Extracted data entries

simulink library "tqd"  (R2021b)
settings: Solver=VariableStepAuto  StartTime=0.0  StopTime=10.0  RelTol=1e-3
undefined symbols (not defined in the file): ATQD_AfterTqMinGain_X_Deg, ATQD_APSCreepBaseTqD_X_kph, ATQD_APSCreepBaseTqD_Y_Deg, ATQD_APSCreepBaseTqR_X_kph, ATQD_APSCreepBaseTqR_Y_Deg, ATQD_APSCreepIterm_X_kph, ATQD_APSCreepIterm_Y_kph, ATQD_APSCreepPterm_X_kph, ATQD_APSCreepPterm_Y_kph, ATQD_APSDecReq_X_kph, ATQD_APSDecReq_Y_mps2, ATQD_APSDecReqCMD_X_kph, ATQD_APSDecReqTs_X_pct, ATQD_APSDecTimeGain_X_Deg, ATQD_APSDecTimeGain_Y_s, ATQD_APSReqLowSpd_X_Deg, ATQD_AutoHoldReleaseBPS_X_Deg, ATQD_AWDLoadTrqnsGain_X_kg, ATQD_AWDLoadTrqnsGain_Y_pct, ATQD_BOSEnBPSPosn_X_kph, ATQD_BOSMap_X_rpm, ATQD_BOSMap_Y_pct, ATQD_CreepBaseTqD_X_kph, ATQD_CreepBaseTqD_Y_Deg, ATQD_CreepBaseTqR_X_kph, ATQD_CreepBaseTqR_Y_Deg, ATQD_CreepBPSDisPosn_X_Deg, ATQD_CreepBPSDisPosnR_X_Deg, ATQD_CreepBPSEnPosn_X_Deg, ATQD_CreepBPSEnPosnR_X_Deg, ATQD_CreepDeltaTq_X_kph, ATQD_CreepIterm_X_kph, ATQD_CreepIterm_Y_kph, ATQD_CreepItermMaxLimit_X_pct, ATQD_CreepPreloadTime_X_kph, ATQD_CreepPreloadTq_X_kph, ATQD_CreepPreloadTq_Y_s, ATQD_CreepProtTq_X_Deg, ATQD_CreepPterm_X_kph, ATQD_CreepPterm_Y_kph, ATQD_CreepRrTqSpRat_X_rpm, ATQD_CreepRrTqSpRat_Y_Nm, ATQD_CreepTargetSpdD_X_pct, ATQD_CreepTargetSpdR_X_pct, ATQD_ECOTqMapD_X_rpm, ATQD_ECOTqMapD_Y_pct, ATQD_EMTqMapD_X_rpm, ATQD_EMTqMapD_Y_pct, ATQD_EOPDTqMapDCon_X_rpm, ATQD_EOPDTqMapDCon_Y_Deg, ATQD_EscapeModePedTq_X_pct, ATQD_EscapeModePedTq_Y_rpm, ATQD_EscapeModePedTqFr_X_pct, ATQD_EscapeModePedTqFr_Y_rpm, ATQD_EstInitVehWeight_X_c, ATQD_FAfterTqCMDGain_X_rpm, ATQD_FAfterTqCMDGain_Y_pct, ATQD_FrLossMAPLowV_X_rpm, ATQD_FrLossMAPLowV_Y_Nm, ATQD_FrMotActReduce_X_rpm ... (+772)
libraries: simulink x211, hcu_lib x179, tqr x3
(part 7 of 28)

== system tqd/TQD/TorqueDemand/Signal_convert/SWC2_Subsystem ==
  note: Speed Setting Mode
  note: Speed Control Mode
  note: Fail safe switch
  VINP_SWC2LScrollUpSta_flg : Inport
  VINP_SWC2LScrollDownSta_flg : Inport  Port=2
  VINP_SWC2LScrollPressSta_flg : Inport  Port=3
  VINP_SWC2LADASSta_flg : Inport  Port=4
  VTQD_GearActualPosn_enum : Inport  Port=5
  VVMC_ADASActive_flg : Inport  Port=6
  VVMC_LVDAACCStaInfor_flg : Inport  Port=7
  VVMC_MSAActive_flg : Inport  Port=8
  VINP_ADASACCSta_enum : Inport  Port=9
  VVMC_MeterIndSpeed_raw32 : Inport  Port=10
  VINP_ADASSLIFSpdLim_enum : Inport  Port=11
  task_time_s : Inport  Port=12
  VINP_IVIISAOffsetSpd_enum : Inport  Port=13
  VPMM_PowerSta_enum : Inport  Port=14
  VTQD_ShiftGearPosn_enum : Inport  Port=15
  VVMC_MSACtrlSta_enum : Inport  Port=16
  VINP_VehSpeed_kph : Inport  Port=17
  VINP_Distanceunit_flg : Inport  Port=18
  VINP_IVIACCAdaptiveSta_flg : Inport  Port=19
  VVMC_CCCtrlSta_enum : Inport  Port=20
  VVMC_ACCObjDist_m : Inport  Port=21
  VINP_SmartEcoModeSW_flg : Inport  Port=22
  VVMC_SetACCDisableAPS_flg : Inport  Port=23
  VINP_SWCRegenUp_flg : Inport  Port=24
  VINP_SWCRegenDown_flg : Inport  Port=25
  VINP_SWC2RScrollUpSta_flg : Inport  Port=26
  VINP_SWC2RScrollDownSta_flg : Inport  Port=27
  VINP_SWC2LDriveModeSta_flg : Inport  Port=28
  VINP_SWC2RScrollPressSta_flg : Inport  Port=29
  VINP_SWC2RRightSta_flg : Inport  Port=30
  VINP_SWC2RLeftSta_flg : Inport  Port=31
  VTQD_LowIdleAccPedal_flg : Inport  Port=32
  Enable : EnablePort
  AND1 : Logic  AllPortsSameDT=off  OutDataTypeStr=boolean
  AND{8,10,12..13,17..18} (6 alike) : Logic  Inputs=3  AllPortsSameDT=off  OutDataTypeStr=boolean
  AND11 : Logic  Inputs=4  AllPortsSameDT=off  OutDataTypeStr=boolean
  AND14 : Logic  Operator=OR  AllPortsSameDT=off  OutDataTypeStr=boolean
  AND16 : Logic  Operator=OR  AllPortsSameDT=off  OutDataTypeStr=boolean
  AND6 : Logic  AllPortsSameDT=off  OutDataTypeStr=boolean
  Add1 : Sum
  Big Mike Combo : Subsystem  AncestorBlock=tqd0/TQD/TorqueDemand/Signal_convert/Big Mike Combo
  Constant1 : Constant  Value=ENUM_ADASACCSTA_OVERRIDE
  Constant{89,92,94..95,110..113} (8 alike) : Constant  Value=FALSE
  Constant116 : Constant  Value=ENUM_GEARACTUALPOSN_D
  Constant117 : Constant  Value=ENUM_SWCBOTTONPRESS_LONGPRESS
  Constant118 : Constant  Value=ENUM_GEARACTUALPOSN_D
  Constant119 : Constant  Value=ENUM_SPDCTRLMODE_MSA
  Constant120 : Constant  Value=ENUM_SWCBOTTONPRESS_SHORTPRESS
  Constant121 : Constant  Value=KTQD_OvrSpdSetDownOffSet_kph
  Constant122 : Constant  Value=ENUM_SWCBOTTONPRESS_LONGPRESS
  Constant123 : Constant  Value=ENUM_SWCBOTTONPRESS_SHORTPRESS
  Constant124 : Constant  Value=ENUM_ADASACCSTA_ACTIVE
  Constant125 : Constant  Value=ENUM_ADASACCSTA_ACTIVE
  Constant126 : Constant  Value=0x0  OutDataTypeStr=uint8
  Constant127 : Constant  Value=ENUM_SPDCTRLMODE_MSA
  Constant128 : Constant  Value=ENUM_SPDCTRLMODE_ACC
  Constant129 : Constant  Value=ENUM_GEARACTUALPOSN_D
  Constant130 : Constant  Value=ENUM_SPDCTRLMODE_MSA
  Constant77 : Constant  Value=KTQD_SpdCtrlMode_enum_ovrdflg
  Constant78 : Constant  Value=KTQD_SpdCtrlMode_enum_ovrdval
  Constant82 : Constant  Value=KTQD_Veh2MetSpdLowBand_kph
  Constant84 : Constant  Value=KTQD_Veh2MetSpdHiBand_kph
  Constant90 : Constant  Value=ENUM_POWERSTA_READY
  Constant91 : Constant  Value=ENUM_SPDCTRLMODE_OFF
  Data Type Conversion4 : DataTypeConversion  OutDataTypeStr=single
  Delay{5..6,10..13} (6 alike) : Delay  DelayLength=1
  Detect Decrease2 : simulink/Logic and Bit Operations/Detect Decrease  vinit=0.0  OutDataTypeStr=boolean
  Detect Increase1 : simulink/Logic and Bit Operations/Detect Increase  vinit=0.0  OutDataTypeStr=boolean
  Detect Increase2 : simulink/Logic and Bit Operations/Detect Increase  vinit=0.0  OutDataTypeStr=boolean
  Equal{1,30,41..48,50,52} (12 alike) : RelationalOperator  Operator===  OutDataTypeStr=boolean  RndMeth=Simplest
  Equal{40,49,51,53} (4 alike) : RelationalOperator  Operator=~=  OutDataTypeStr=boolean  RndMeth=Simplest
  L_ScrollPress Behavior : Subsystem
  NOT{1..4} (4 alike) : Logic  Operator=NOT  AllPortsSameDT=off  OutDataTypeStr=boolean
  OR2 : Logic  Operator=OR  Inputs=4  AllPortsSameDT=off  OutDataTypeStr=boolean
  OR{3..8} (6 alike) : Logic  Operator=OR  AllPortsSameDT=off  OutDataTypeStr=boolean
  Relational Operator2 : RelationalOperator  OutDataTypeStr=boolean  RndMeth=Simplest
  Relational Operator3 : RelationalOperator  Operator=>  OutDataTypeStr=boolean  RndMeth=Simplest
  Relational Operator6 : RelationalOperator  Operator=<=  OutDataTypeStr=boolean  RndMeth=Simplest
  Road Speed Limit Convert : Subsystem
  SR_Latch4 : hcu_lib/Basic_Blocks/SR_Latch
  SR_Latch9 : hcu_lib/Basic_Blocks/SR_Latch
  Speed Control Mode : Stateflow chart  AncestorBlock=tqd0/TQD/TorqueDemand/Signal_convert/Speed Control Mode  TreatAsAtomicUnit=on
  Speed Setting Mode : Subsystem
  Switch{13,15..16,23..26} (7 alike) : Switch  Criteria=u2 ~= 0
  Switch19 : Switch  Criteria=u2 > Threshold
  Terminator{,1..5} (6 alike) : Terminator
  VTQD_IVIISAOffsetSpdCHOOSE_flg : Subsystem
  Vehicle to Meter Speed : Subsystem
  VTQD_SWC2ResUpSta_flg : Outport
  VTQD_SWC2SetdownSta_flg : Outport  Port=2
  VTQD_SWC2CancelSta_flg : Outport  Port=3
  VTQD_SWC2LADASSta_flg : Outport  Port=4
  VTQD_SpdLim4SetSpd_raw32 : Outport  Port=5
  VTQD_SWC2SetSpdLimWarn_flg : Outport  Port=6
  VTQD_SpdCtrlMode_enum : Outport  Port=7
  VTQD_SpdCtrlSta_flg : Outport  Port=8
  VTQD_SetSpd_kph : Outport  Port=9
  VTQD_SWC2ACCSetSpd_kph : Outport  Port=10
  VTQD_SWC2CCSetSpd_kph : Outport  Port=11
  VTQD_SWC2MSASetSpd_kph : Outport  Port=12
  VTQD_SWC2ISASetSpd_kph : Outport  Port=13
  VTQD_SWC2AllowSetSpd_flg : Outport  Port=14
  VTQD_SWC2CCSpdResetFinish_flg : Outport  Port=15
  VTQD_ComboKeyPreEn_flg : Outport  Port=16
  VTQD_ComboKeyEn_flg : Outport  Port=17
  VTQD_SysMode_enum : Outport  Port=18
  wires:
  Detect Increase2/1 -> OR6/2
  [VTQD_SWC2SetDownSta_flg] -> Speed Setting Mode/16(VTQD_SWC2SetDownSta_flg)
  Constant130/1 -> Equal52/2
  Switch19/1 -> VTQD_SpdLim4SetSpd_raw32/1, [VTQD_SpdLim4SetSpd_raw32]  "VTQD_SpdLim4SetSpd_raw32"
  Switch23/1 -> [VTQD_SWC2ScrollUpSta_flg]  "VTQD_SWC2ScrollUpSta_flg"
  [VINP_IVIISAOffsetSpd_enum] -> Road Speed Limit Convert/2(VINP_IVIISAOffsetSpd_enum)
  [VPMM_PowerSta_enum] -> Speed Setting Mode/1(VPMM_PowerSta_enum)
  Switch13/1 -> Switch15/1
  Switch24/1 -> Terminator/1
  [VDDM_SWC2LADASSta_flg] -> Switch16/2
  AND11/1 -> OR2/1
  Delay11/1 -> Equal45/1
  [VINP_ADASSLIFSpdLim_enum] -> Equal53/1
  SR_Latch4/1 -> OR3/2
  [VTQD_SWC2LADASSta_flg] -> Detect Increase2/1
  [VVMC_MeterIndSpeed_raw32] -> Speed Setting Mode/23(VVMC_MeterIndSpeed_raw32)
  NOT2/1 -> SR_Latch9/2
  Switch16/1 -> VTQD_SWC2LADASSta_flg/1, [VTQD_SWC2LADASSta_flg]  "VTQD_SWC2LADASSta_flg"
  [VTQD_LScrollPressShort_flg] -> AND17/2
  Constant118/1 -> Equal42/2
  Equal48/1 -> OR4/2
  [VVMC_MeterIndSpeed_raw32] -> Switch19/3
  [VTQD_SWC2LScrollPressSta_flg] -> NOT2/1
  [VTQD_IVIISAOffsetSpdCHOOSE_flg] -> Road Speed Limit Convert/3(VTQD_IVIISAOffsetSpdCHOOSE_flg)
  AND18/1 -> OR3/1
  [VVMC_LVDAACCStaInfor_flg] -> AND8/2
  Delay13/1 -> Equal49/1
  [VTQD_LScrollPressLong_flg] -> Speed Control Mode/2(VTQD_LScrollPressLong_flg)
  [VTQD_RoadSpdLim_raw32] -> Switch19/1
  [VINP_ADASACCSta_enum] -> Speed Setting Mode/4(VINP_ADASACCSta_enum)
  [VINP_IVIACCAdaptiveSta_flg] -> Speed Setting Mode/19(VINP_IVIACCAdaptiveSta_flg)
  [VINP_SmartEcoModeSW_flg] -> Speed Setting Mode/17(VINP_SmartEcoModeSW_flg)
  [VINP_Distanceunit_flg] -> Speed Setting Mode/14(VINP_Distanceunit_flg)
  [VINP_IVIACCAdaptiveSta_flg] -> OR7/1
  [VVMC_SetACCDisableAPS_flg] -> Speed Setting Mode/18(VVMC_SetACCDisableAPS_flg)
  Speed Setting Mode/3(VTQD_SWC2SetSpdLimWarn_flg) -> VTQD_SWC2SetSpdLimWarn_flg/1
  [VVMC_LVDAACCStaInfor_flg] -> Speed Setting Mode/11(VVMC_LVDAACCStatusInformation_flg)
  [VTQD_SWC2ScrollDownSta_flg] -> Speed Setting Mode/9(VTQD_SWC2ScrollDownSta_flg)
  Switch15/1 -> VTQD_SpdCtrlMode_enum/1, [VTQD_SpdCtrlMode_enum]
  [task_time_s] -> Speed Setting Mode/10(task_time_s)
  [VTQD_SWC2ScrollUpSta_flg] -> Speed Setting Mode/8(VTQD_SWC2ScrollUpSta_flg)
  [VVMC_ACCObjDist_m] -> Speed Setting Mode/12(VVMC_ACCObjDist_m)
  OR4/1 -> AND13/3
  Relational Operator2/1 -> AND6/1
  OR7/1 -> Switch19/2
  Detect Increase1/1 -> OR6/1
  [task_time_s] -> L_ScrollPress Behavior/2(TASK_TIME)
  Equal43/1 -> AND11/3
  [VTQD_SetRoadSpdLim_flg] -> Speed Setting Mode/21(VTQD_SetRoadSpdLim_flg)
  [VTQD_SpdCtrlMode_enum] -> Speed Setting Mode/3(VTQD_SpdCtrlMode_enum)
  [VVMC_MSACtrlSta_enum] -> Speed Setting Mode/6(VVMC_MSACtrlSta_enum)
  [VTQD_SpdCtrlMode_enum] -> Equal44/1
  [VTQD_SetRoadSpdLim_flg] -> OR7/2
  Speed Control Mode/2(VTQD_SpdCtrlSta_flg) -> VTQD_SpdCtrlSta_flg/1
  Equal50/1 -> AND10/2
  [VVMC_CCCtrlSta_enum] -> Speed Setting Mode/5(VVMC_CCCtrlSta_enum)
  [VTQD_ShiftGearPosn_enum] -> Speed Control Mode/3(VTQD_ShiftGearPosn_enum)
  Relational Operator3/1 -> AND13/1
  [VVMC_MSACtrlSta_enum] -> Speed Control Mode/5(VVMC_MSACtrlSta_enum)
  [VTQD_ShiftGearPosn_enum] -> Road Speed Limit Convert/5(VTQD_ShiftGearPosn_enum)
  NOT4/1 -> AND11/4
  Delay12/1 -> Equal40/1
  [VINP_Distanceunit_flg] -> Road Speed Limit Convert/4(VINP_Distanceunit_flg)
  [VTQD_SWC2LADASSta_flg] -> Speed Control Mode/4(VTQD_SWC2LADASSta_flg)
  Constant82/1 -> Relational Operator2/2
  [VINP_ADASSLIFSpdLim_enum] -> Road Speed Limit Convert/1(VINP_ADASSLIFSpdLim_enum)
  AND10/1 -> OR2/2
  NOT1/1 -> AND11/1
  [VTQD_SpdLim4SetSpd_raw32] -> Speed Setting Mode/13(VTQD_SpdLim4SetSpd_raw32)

* _Task details_: Where a line of the entries above holds the word "Simplest", return that line.

* _Worked solution_:
  Equal{1,30,41..48,50,52} (12 alike) : RelationalOperator  Operator===  OutDataTypeStr=boolean  RndMeth=Simplest
  Equal{40,49,51,53} (4 alike) : RelationalOperator  Operator=~=  OutDataTypeStr=boolean  RndMeth=Simplest
  Relational Operator2 : RelationalOperator  OutDataTypeStr=boolean  RndMeth=Simplest
  Relational Operator3 : RelationalOperator  Operator=>  OutDataTypeStr=boolean  RndMeth=Simplest
  Relational Operator6 : RelationalOperator  Operator=<=  OutDataTypeStr=boolean  RndMeth=Simplest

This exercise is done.